“Next weekend at Imola’s Enzo and Dino Ferrari Circuit we will tell a good part of the history of Formula 1 that at Shanghai crossed the line of its 1,000th grand prix, thanks to a starting grid of more than 30 F2 racing cars, together with many friends, drivers and engineers,” commented Gian Carlo Minardi, “I took part in more than 340 rounds with the Minardi Team and I am proud to share the results of this wonderful period with all the fans”.

On Saturday 27th and Sunday 28th Imola’s International Circuit will host the fourth edition of the motoring event created by the manager from Faenza and brought onto the track with Formula Imola.

The single ticket that can be bought on TicketOne or directly at the Santerno circuit will give access to the pits, paddock and the terrace for a dip into the history of Motorsport with more than 30 F1 racing cars (starting with the Cooper Maserati T51 up to the Scuderia Toro Rosso passing through Minardi, Ferrari, Williams, Ayrton Senna’s McLaren, Tecno, Wolf, Tyrrell, Fittipaldi, Theodore, Arrows, Osella, Dallara, March), F2, F3, Gran Turismo, Prototypes such as the Alfa Romeo 33 TT 3 and the Lucchini Motorsport, Lancia Martini, Lotus Elise, as well as Supercar with the badges of Pagani, Alfa Romeo, Lamborghini, Dallara Stradale and Alpine which will take to the track on both days

For the occasion Riccardo Patrese will return to the wheel of the Renault powered Williams FW14, the car with which he won the Mexico and Portugal GPs, while Pierluigi Martini will take to the track with the six-wheeled Tyrrell P36 and the Minardi M189.

Over the two days the pits and the paddock will be “invaded” by champions of Motorsport , with the great participation of the F1 Grand Prix Club: Riccardo Patrese  together with his son Lorenzo who is already a protagonist in karting, Emanuele Pirro, Alessandro Nannini, Pierluigi Martini,  Luca Badoer Fabrizio Barbazza,  Moreno Roberto, Andrea Montermini, Luis Perez Sala, Paolo Barilla, Gabriele Tredozi and Aldo Costa former Technical Directors of Team Minardi, Mauro Forghieri, Alex Caffi, Giovanni Lavaggi, Carlo Facetti, Gabriele Lancieri, Claudio and Gianni Giudice Angelo Ancherani, karting driver Andrea Kimi Antonelli, Francesco Bergomi, Sergio Camapana, Enzo Coloni, Roberto Del Castello, Farneti Roberto, Giorgio Francia, Bruno Giacomelli, Roberto Marazzi, Mauro Martini,  Nicolò Piancastelli, Andrea Rosso, Enrico Toccacelo, Howden Ganley, Mario Theissen, Richard Attwood, Daniele Audetto, Derek Daly, Gery Brandstetter, Graham Gauld, Hans Herrmann, Teddy Pilette, David Piper, Jo Ramirez, Axel Schmidt, Marc Surer, Patrick Tambay, Jo Vonlanthen and Mike Wilds  will be available to sign autographs.
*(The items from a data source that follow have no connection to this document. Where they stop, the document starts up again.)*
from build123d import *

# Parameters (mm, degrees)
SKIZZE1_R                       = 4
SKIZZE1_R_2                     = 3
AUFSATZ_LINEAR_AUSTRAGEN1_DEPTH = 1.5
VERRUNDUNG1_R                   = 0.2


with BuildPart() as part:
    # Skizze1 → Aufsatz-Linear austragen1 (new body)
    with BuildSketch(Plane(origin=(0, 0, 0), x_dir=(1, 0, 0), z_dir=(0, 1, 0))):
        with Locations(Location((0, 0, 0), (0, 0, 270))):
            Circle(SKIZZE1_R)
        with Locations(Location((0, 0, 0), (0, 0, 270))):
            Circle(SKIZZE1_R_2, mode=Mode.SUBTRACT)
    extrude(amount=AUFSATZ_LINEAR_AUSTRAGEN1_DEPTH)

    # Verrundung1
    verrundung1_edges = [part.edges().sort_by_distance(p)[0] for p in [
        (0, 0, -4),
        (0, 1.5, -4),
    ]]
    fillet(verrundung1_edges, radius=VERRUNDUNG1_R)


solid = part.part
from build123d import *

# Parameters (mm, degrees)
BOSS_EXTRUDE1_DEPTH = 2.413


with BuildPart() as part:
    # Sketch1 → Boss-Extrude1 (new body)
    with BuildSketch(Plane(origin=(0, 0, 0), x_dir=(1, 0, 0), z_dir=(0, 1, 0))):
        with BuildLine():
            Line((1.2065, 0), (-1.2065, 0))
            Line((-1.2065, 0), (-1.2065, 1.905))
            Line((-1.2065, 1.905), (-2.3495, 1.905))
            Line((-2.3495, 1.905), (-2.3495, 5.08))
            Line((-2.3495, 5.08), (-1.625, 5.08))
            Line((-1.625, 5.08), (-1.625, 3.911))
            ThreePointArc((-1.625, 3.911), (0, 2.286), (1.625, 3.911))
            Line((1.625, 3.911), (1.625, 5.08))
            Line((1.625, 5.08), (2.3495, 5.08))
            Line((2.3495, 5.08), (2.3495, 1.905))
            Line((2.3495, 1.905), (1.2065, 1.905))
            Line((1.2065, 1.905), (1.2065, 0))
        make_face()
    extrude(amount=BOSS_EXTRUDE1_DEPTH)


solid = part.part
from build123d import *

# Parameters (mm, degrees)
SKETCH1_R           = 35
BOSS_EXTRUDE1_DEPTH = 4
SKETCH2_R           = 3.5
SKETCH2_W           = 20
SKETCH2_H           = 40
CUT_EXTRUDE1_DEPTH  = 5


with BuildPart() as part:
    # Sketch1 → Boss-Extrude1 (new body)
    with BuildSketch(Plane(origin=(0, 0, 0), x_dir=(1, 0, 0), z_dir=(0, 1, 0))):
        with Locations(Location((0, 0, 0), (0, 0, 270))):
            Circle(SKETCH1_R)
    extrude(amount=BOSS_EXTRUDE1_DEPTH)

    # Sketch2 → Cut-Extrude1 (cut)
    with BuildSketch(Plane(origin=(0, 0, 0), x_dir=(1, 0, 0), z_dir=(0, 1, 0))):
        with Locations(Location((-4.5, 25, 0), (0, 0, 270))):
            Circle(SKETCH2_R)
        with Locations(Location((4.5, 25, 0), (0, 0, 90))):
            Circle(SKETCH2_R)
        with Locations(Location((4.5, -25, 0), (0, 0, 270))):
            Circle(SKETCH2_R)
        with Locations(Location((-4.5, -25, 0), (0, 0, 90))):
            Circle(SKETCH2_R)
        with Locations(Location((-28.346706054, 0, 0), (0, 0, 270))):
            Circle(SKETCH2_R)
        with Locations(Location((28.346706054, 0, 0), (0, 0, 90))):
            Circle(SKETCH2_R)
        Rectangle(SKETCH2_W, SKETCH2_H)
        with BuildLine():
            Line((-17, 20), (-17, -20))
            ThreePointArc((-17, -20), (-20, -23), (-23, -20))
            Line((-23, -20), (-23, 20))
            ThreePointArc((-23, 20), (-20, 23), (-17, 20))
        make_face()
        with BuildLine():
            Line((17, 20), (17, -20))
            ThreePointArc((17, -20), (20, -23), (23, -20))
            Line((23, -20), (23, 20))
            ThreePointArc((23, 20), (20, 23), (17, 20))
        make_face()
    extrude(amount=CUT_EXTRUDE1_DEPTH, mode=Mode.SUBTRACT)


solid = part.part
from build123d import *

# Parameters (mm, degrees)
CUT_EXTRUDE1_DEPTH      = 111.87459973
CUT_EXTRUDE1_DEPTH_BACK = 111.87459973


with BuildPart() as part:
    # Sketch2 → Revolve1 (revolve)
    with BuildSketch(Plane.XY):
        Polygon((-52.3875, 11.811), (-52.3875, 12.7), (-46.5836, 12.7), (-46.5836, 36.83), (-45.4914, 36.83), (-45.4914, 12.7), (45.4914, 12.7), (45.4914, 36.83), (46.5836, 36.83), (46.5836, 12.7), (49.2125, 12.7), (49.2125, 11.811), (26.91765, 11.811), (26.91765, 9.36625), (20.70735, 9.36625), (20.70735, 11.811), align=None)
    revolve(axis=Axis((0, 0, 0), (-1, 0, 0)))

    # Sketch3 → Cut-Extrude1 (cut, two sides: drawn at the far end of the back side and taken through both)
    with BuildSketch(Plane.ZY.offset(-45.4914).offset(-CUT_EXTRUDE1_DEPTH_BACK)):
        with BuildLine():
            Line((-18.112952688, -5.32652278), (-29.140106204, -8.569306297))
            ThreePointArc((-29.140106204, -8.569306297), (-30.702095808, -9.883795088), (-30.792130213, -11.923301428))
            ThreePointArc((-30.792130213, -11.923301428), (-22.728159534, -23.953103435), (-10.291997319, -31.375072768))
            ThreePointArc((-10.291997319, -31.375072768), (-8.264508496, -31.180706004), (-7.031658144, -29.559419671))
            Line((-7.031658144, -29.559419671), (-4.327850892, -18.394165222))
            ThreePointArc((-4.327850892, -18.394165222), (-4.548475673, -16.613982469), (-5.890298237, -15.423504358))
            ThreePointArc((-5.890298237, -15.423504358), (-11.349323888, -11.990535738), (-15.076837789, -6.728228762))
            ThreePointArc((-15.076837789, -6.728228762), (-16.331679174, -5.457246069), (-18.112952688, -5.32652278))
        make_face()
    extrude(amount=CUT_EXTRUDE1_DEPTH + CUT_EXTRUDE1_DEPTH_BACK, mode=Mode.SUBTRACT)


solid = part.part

Once more there will be the appointments in the Ayrton Senna Conference Room with the  Libreria dell’Automobile  (Automobile Bookshop) which will present extraordinary books signed by Pino Allievi, Mario Donnini, Paola Rovolta and Umberto Zapelloni (Giorgio Nada Editore). The Scuderia Tazio Nuvolari will present the historic Lucchini sport Register and the Lotus Elisa S1 and the debate with engineer Nicola Materazzi.

The Champions of Motorsport of the F1 GRAND PRIX CLUB will be waiting for you on Sunday 28th at 11.00am.

There will be innovation and road safety with Easyrain, the innovative SME that develops safety systems that is committed to creating the first anti-aquaplaning gadget for cars and autonomous vehicles will be at Imola to put its research on display for drivers, teams and all the fans.

Furthermore at the Historic Minardi Day you will be able to admire cars constructed from LEGO blocks. The Gruppo Appassionati LEGO Brianza LUG (Recognized LEGO Users Group) and their friends from Æmilia Bricks and  Piemonte Bricks will organize an exhibition with 12 “theme islands”. One of the cars on display will the Lancia Delta HF Integrale made with LECO Technic.

There will be plenty of space for entertainment in the Simulators and E-sport area where you will be able to put yourself to the test on the Imola track by becoming a driver for a day, and theDriver Experience. You can also take to the track in your own supercar during free practice which will give you the chance to put on the helmet and experience the thrill of a lap of the Santerno track (subject to booking directly at the circuit) aboard a fantastic Supercar of the calibre of Lamborghini, Alfa Romeo Quadrifoglio of more than 500CV and the Dallara Stradale with Andrea Levy. In Paddock 2 you will be able to witness the incredible radio controlled F1 car challenges organized by the Faenza RC Team.

It is perfectly human that when someone important dies we start thinking about it. And sooner or later all kinds of theories come out about what happened especially if they are supported by ”proofs” that came from different sources than the ones officially recognized.

It is perfectly normal that we want our heroes to be a little superhuman and unmistakable so usually, the simplest and easiest explanation is simply not enough. We start searching for the ”truth” or ”our truth” that mostly has no connection with reality.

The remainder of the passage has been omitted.